He said no we can't get a password from MD5 hashed string. It's one way hashing...

So I asked him to take couple of passwords from the users table and try to decode those in any online MD5 decoder and call me after that if he still thinks MD5 is secure.

I have not got any call from him since.

Comments
  • 27
    Well played.
  • 23
    Either that, or he doesn't want to call you to let you know that you're right and he still hasn't changed anything because of pure arrogance.
  • 12
    @iSwimInTheC You are correct. I just checked from his boss, who has assigned me for review.

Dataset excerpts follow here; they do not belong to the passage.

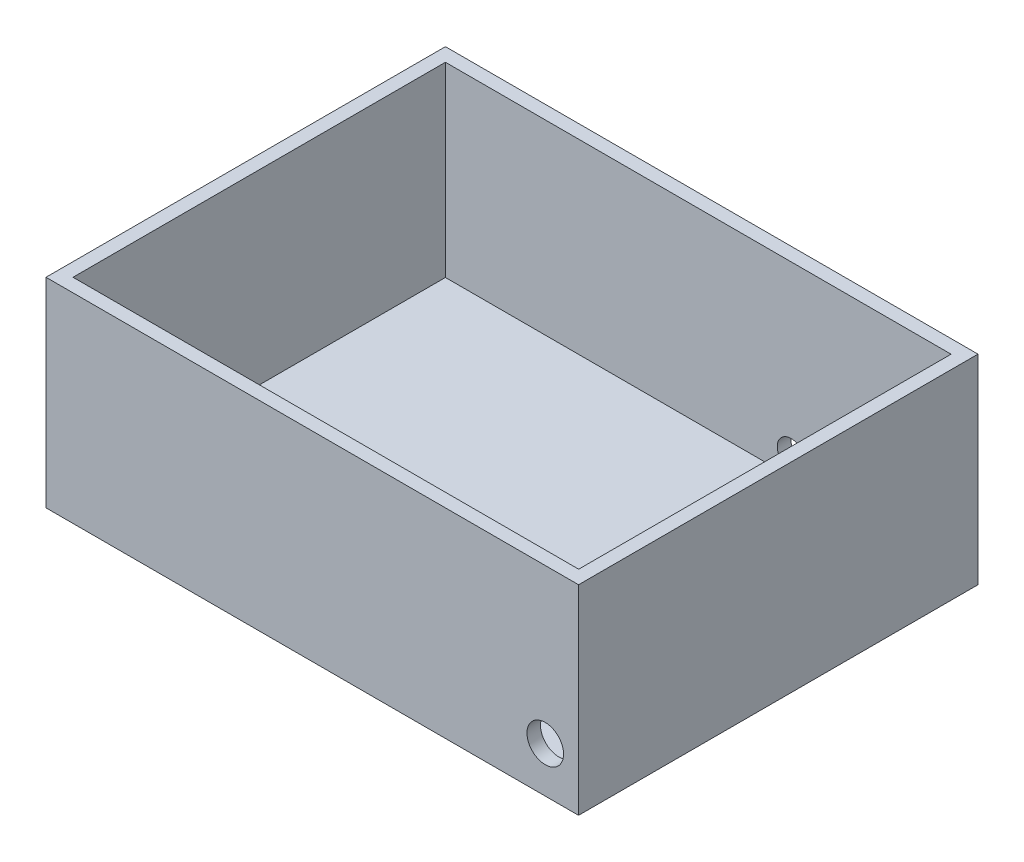
SolidWorks part; units mm, degrees
ref_plane "Front Plane" through (0, 0, 0) normal (0, 0, 1) x (1, 0, 0)
ref_plane "Top Plane" through (0, 0, 0) normal (0, 1, 0) x (1, 0, 0)
ref_plane "Right Plane" through (0, 0, 0) normal (1, 0, 0) x (0, 0, -1)
sketch "Sketch1" plane through (0, 0, 0) normal (0, 1, 0) x (1, 0, 0)
  line L1 (-106.5937, 87.7685) -> (96.6063, 87.7685)
  line L2 (-106.5937, 87.7685) -> (-106.5937, -64.6315)
  line L3 (-106.5937, -64.6315) -> (96.6063, -64.6315)
  line L4 (96.6063, 87.7685) -> (96.6063, -64.6315)
  line L6 (-106.5937, 87.7685) -> (-101.4407, 87.7685)
  dimension "D1" = 203.2
  dimension "D2" = 152.4
sketch "Sketch4" plane through (0, 0, 0) normal (0, 1, 0) x (1, 0, 0)
  line L1 (-106.5937, 87.7685) -> (96.6063, 87.7685)
  line L2 (-106.5937, 87.7685) -> (-106.5937, -64.6315)
  line L3 (-106.5937, -64.6315) -> (96.6063, -64.6315)
  line L4 (96.6063, 87.7685) -> (96.6063, -64.6315)
extrude "Boss-Extrude3" add sketch "Sketch4" along normal blind 76.2
sketch "Sketch11" plane through (0, 0, 0) normal (0, -1, 0) x (1, 0, 0)
  text T0 "<b>The Only WGT</b>\r\n<b>Team #25</b>" font "Century Gothic" height 3.5
sketch "Sketch13" plane through (0, 76.2, 0) normal (0, 1, 0) x (1, 0, 0)
  line L0 (-101.4407, 82.6126) -> (-101.4407, -59.4756)
  line L2 (-101.4407, 82.6126) -> (91.486, 82.6126)
  line L5 (-101.4407, -59.4756) -> (91.486, -59.4756)
  line L8 (91.486, 82.6126) -> (91.486, -59.4756)
extrude "Cut-Extrude9" cut sketch "Sketch13" against normal blind 71.12
sketch "Sketch18" plane through (0, 0, -82.6126) normal (0, 0, 1) x (1, 0, 0)
  line L0 (30.4914, 12.505) -> (83.8314, 12.505)
  circle A6 centre (83.8314, 12.505) radius 5.334
  circle A8 centre (30.4914, 12.505) radius 5.334
  point P2 (28.8141, 14.5781)
  point P3 (0, 0)
  point P4 (0, 0)
  point P5 (83.8314, 12.505)
  point P6 (0, 0)
  point P9 (0, 0)
  dimension "D1" = 10.668
  dimension "D2" = 10.668
  dimension "D3" = 53.34
sketch "Sketch20" plane through (0, 0, 59.4756) normal (0, 0, -1) x (-1, 0, 0)
  circle A0 centre (-83.8988, 17.3591) radius 6.35
extrude "Cut-Extrude15" cut sketch "Sketch20" along normal blind 6.604 and the other way blind 12.7
extrude "Cut-Extrude17" cut sketch "Sketch18" against normal blind 12.7 contours A8 | A6
sketch "Sketch23" plane through (0, 0, 64.6315) normal (0, 0, 1) x (1, 0, 0)
  circle A0 centre (83.8988, 17.3591) radius 6.985
  point P3 (83.8988, 17.3591)
  point P4 (83.8988, 17.3591)
  dimension "D1" = 13.97
extrude "Cut-Extrude20" cut sketch "Sketch23" along normal blind 12.446 and the other way blind 10.922
sketch "Sketch24" plane through (0, 0, 0) normal (0, -1, 0) x (1, 0, 0)
  text T0 "<b>THE ONLY WGT</b>\r\nTEAM 25\r\nVERSION 1"
extrude "Cut-Extrude21" cut sketch "Sketch24" against normal blind 3.81
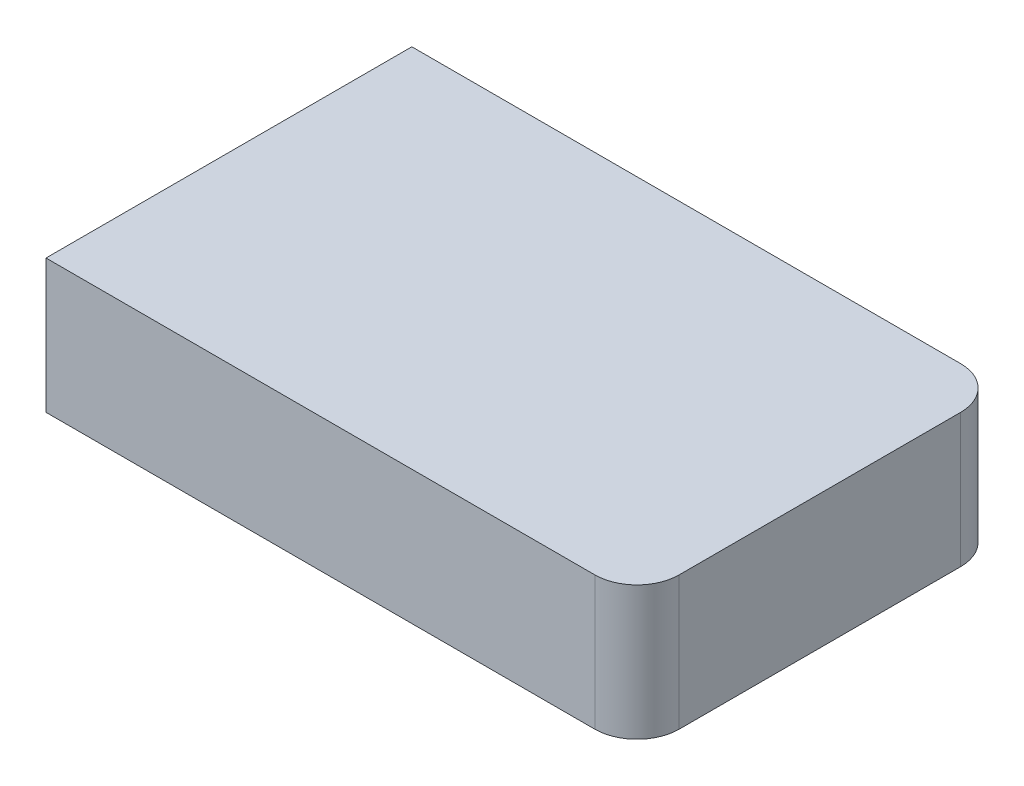
SolidWorks part; units mm, degrees
ref_plane "前视基准面" through (0, 0, 0) normal (0, 0, 1) x (1, 0, 0)
ref_plane "上视基准面" through (0, 0, 0) normal (0, 1, 0) x (1, 0, 0)
ref_plane "右视基准面" through (0, 0, 0) normal (1, 0, 0) x (0, 0, -1)
sketch "草图1" plane through (0, 0, 0) normal (0, 1, 0) x (1, 0, 0)
  line L1 (-21, 13) -> (21, 13)
  line L2 (-21, 13) -> (-21, -13)
  line L3 (-21, -13) -> (21, -13)
  line L4 (21, 13) -> (21, -13)
  line L5 (-21, 13) -> (21, -13) construction
  line L6 (-21, -13) -> (21, 13) construction
  point P0 (0, 0)
  dimension "D1" = 42
  dimension "D2" = 26
extrude "凸台-拉伸1" add sketch "草图1" along normal blind 9.5
fillet "圆角1" radius 3 2 edges at (21, 4.75, -13) (21, 4.75, 13)
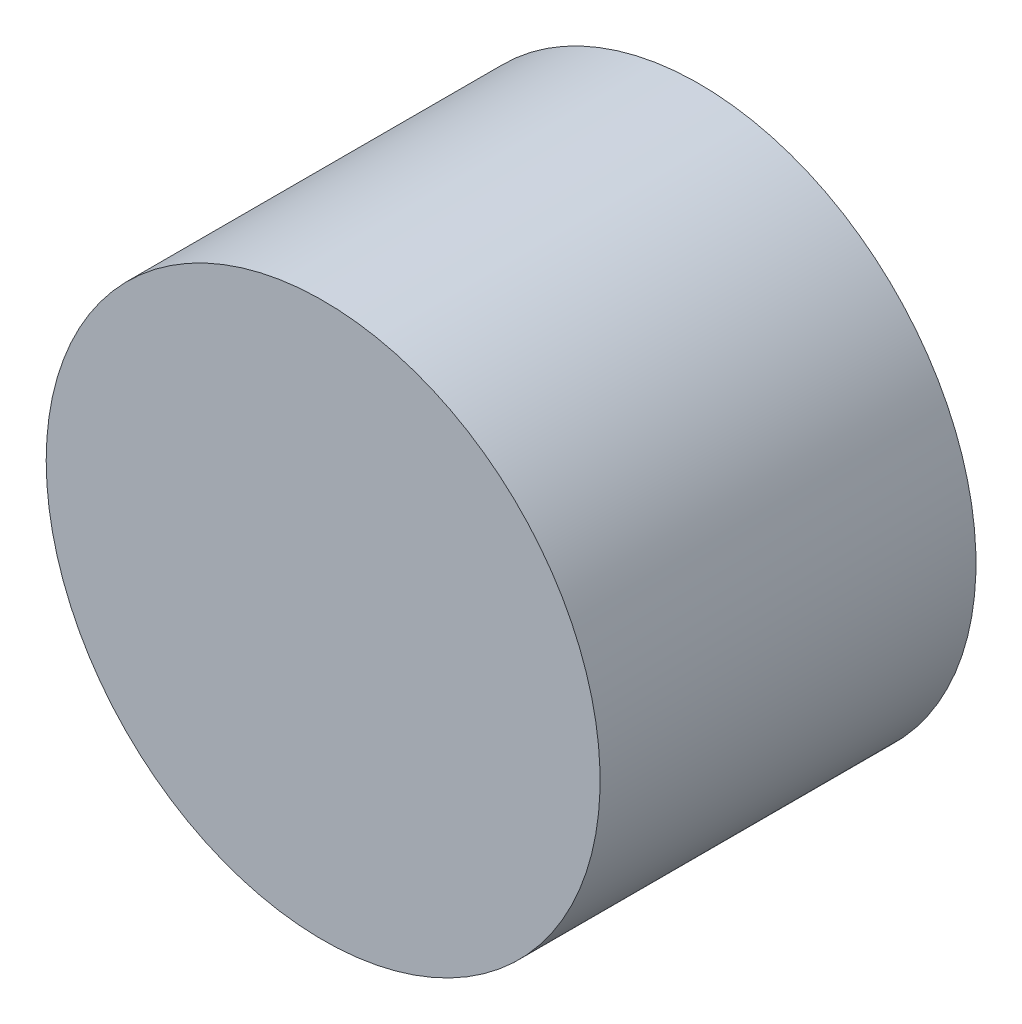
SolidWorks part; units mm, degrees
ref_plane "Спереди" through (0, 0, 0) normal (0, 0, 1) x (1, 0, 0)
ref_plane "Сверху" through (0, 0, 0) normal (0, 1, 0) x (1, 0, 0)
ref_plane "Справа" through (0, 0, 0) normal (1, 0, 0) x (0, 0, -1)
sketch "Эскиз1" plane through (0, 0, 0) normal (0, 0, 1) x (1, 0, 0)
  circle A0 centre (0, 0) radius 2.8
  dimension "D1" = 5.6
extrude "Бобышка-Вытянуть1" add sketch "Эскиз1" along normal blind 3.8
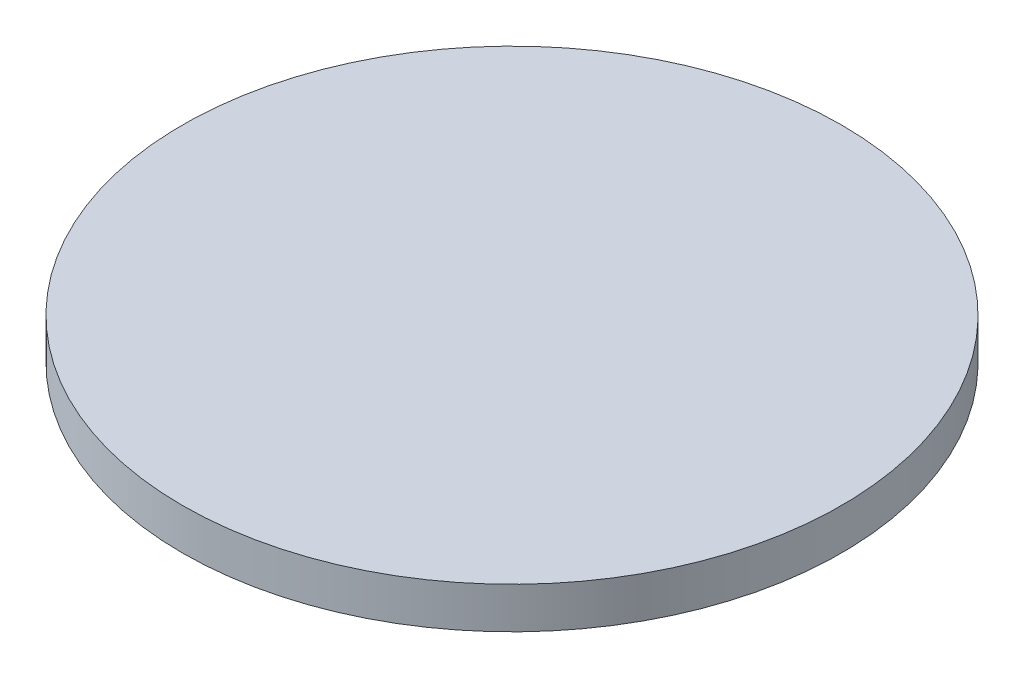
SolidWorks part; units mm, degrees
ref_plane "Front Plane" through (0, 0, 0) normal (0, 0, 1) x (1, 0, 0)
ref_plane "Top Plane" through (0, 0, 0) normal (0, 1, 0) x (1, 0, 0)
ref_plane "Right Plane" through (0, 0, 0) normal (1, 0, 0) x (0, 0, -1)
other "Configuration Table"
sketch "Sketch1" plane through (0, 0, 0) normal (0, 1, 0) x (1, 0, 0)
  circle A0 centre (185, 300) radius 160
extrude "PRESS_poset_kelepcesi_D320" add sketch "Sketch1" along normal blind 20 from offset 1770 separate body
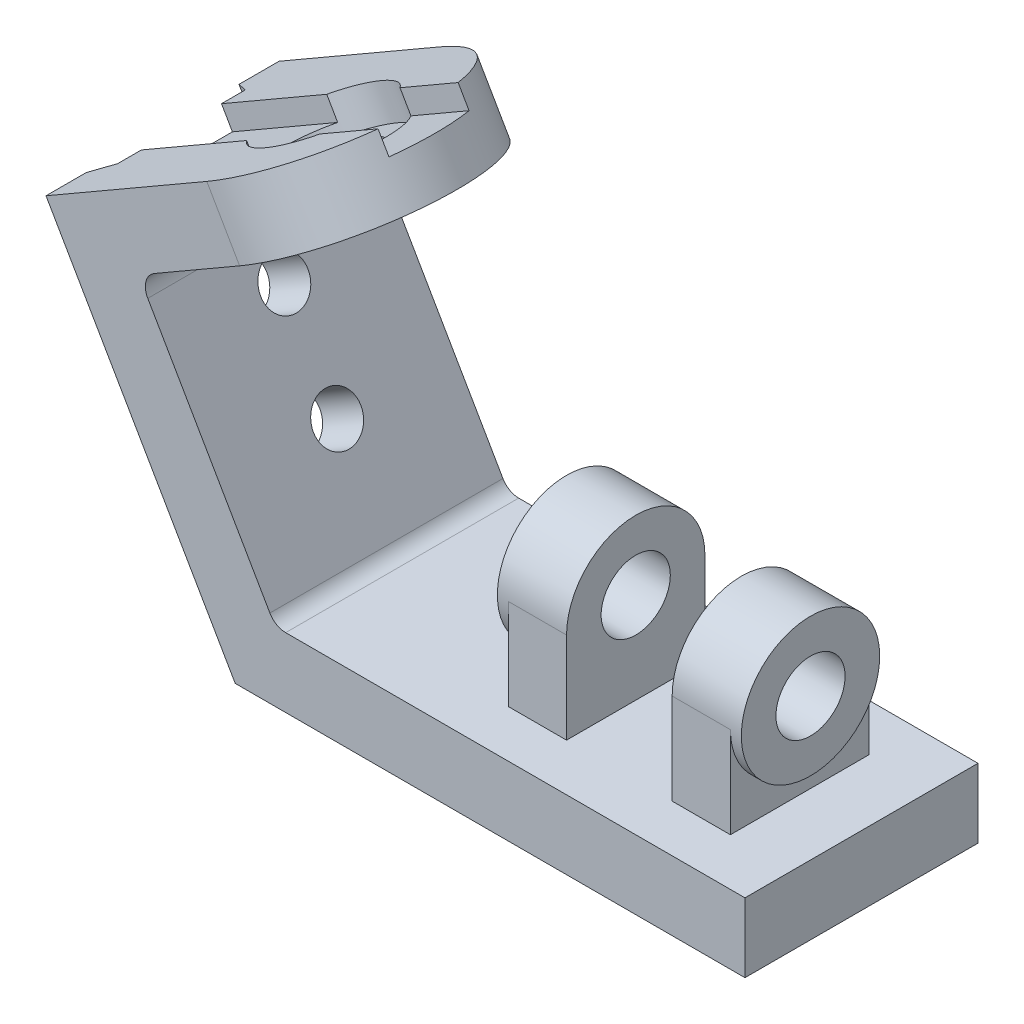
SolidWorks part; units mm, degrees
ref_plane "Front Plane" through (0, 0, 0) normal (0, 0, 1) x (1, 0, 0)
ref_plane "Top Plane" through (0, 0, 0) normal (0, 1, 0) x (1, 0, 0)
ref_plane "Right Plane" through (0, 0, 0) normal (1, 0, 0) x (0, 0, -1)
sketch "Croquis1" plane through (0, 0, 0) normal (0, 1, 0) x (1, 0, 0)
  line L1 (70, -32) -> (-70, -32)
  line L2 (70, -32) -> (70, 32)
  line L3 (70, 32) -> (-70, 32)
  line L4 (-70, -32) -> (-70, 32)
  line L5 (70, -32) -> (-70, 32) construction
  line L6 (70, 32) -> (-70, -32) construction
  point P0 (0, 0)
  dimension "D1" = 64
  dimension "D2" = 140
extrude "Saliente-Extruir1" add sketch "Croquis1" along normal blind 19
ref_plane "Plano1" through (37, 0, 0) normal (1, 0, 0) x (0, 0, -1)
sketch "Croquis2" plane through (37, 0, 0) normal (1, 0, 0) x (0, 0, -1)
  line L0 (-32, 19) -> (32, 19) construction
  circle A0 centre (0, 44) radius 19
  circle A1 centre (0, 44) radius 9.5
  dimension "D1" = 38
  dimension "D2" = 19
  dimension "D3" = 25
extrude "Saliente-Extruir2" add sketch "Croquis2" along normal blind 19 separate body
sketch "Croquis4" plane through (37, 0, 0) normal (1, 0, 0) x (0, 0, -1)
  line L0 (-32, 19) -> (32, 19) construction
  line L2 (-19, 44) -> (-19, 19)
  line L3 (-19, 19) -> (19, 19)
  line L4 (19, 44) -> (19, 19)
  circle A0 centre (0, 44) radius 19 construction
  circle A1 centre (0, 44) radius 19 construction
  circle A2 centre (0, 44) radius 19
extrude "Saliente-Extruir3" add sketch "Croquis4" along normal blind 16 contours A2 L2 L3 L4
ref_plane "Plano2" through (8, 0, 0) normal (1, 0, 0) x (0, 0, -1)
sketch "Croquis5" plane through (8, 0, 0) normal (1, 0, 0) x (0, 0, -1)
  circle A0 centre (0, 44) radius 9.5 construction
  circle A1 centre (0, 44) radius 19 construction
  circle A2 centre (0, 44) radius 9.5
  circle A3 centre (0, 44) radius 19
extrude "Saliente-Extruir4" add sketch "Croquis5" against normal blind 19 separate body
sketch "Croquis6" plane through (8, 0, 0) normal (1, 0, 0) x (0, 0, -1)
  line L0 (19, 44) -> (19, 19) construction
  line L1 (-19, 19) -> (19, 19) construction
  line L2 (-19, 44) -> (-19, 19) construction
  line L3 (19, 44) -> (19, 19)
  line L4 (-19, 19) -> (19, 19)
  line L5 (-19, 44) -> (-19, 19)
  circle A0 centre (0, 44) radius 19 construction
  circle A1 centre (0, 44) radius 19
extrude "Saliente-Extruir5" add sketch "Croquis6" against normal blind 16 contours A1 L5 L4 L3
sketch "Croquis7" plane through (0, 0, 32) normal (0, 0, 1) x (1, 0, 0)
  line L0 (-70, 0) -> (-82.9453, 0) construction
  line L1 (-70, 0) -> (-121.9615, 90)
  line L2 (-121.9615, 90) -> (-105.507, 99.5)
  line L3 (-105.507, 99.5) -> (-59.0303, 19)
  line L4 (-70, 19) -> (70, 19) construction
  line L5 (-70, 0) -> (-70, 19)
  line L6 (-70, 19) -> (-59.0303, 19)
  dimension "D1" = 60
  dimension "D2" = 90
  dimension "D3" = 19
extrude "Saliente-Extruir6" add sketch "Croquis7" against normal blind 64
sketch "Croquis9" plane through (-69.4615, 120.3109, 0) normal (-0.5, 0.866, 0) x (0.866, 0.5, 0)
  line L1 (-60.6218, 32) -> (-9.6218, 32)
  line L2 (-60.6218, 32) -> (-60.6218, -32)
  line L3 (-60.6218, -32) -> (-9.6218, -32)
  arc A0 (-9.6218, -32) -> (-9.6218, 32) centre (-9.6218, 0) ccw
  point P6 (0, 0)
  dimension "D1" = 51
extrude "Saliente-Extruir9" add sketch "Croquis9" against normal blind 18 contours A0 L1 L2 L3
sketch "Croquis14" plane through (-69.4615, 120.3109, 0) normal (-0.5, 0.866, 0) x (0.866, 0.5, 0)
  circle A0 centre (-9.6218, 0) radius 16
  dimension "D1" = 32
extrude "Cortar-Extruir1" cut sketch "Croquis14" against normal blind 9
sketch "Croquis16" plane through (-69.4615, 120.3109, 0) normal (-0.5, 0.866, 0) x (0.866, 0.5, 0)
  circle A0 centre (-9.6218, 0) radius 9.5
  dimension "D1" = 19
extrude "Cortar-Extruir2" cut sketch "Croquis16" against normal blind 19
sketch "Croquis17" plane through (-69.4615, 120.3109, 0) normal (-0.5, 0.866, 0) x (0.866, 0.5, 0)
  line L0 (-60.6218, 0) -> (22.3782, 0) construction
  line L1 (-60.6218, 32) -> (-60.6218, -32) construction
  line L2 (-60.6218, -11) -> (20.4282, -11)
  line L3 (-60.6218, 11) -> (20.4282, 11)
  line L4 (-60.6218, 11) -> (-60.6218, -11)
  line L5 (-60.6218, -11) -> (22.3782, -11) construction
  line L6 (-60.6218, 11) -> (22.3782, 11) construction
  arc A0 (-9.6218, -32) -> (-9.6218, 32) centre (-9.6218, 0) ccw construction
  arc A1 (20.4282, -11) -> (20.4282, 11) centre (-9.6218, 0) ccw
  point P5 (22.3782, 0)
  point P15 (-60.6218, -11)
  point P17 (-60.6218, 11)
  dimension "D1" = 11
  dimension "D2" = 11
extrude "Cortar-Extruir3" cut sketch "Croquis17" against normal blind 6
sketch "Croquis18" plane through (-69.4615, 120.3109, 0) normal (-0.5, 0.866, 0) x (0.866, 0.5, 0)
  line L0 (-60.6218, 21) -> (-50.9556, 21) construction
  line L1 (-60.6218, 32) -> (-60.6218, 11) construction
  line L2 (-60.6218, 21) -> (-54.6218, 17.5359)
  line L3 (-54.6218, 17.5359) -> (-54.6218, -17.5359)
  line L4 (-54.6218, 0) -> (-63.9133, 0) construction
  line L5 (-60.6218, -21) -> (-54.6218, -17.5359)
  line L6 (-60.6218, 21) -> (-60.6218, -21)
  dimension "D1" = 30
  dimension "D2" = 6
  dimension "D3" = 11
extrude "Cortar-Extruir4" cut sketch "Croquis18" against normal through all
sketch "Croquis19" plane through (-47.3038, -27.3109, 0) normal (-0.866, -0.5, 0) x (0, 0, 1)
  line L0 (11, 132.923) -> (-11, 132.923) construction
  circle A0 centre (0, 104.923) radius 6.5
  circle A1 centre (0, 75.923) radius 6.5
  dimension "D3" = 13
  dimension "D4" = 13
  dimension "D1" = 28
  dimension "D2" = 29
extrude "Cortar-Extruir5" cut sketch "Croquis19" against normal through all
fillet "Redondeo1" radius 5 2 edges at (-59.0303, 19, 0) (-96.507, 83.9115, 0)

    Someone else will see that and will post "PHP is not secure". A usual thing now a days.
  • 1
    @iSwimInTheC or ignorance 🤷‍♂️
  • 1
    Fun fact when I did my Thesis I developed a website which you could register and do stuff. I used MD5 as well hahahha xD
  • 0
    @Envydiv been there too xD
  • 2
    @Envydiv it's understandable. You were doing your first project and didn't know how to do it properly. Most of us did that.

    But doing the same mistake even after knowing the what should be done is what I'm concerned about.
  • 3
    Besides the algorithm, you also need to salt the data
  • 5
    Or you'll still be vulnerable to rainbow tables attacks. So stick "foo54!" at the beginning and "++bar" at the end so you can still hash and compare but foo54!password++bar won't be found hashed in rainbow tables the way password is.
  • 5
    @wbrianwhite actually salt option is deprecated as of PHP 7.0.0. PASSWORD_ARGON2I is good enough without any additional option, but you can increase the cost and other options depending on your hardware.

    You can check it at https://secure.php.net/password_has...
  • 8
    this is fucking happening in real world, checkout this issue https://github.com/johnathanmartin/... 🙃🙃
  • 0
    Come, let us pray for balloon hashing to arrive soon.
  • 3
    @abdilahrf haha how :P
  • 3
    @abdilahrf This is so stupid. Thanks for the link but now I have to wash the stains from my eyes.
  • 0
    🌈 Tables ♥
  • 0
    So how can a hash be decrypted though or is it just because passwords aren't long enough to produce conflicts? so basically just need a conversion table to get the original string?
  • 1
    @billgates

    Pretty much same as using wordlist.
  • 0
    @rsync so if I use a password that is generated randomly, then it can't be decrypted? It's just an issue it's dumb people using coming passwords like 1234?
  • 1
    @billgates

    As far as I understand yes. But the hashlists are billions long and have just about everything in them. But my understanding is same as brute Force.
  • 0
    Fun fact: if you type your password in plaintext in a comment, DevRant automatically stars it out for you.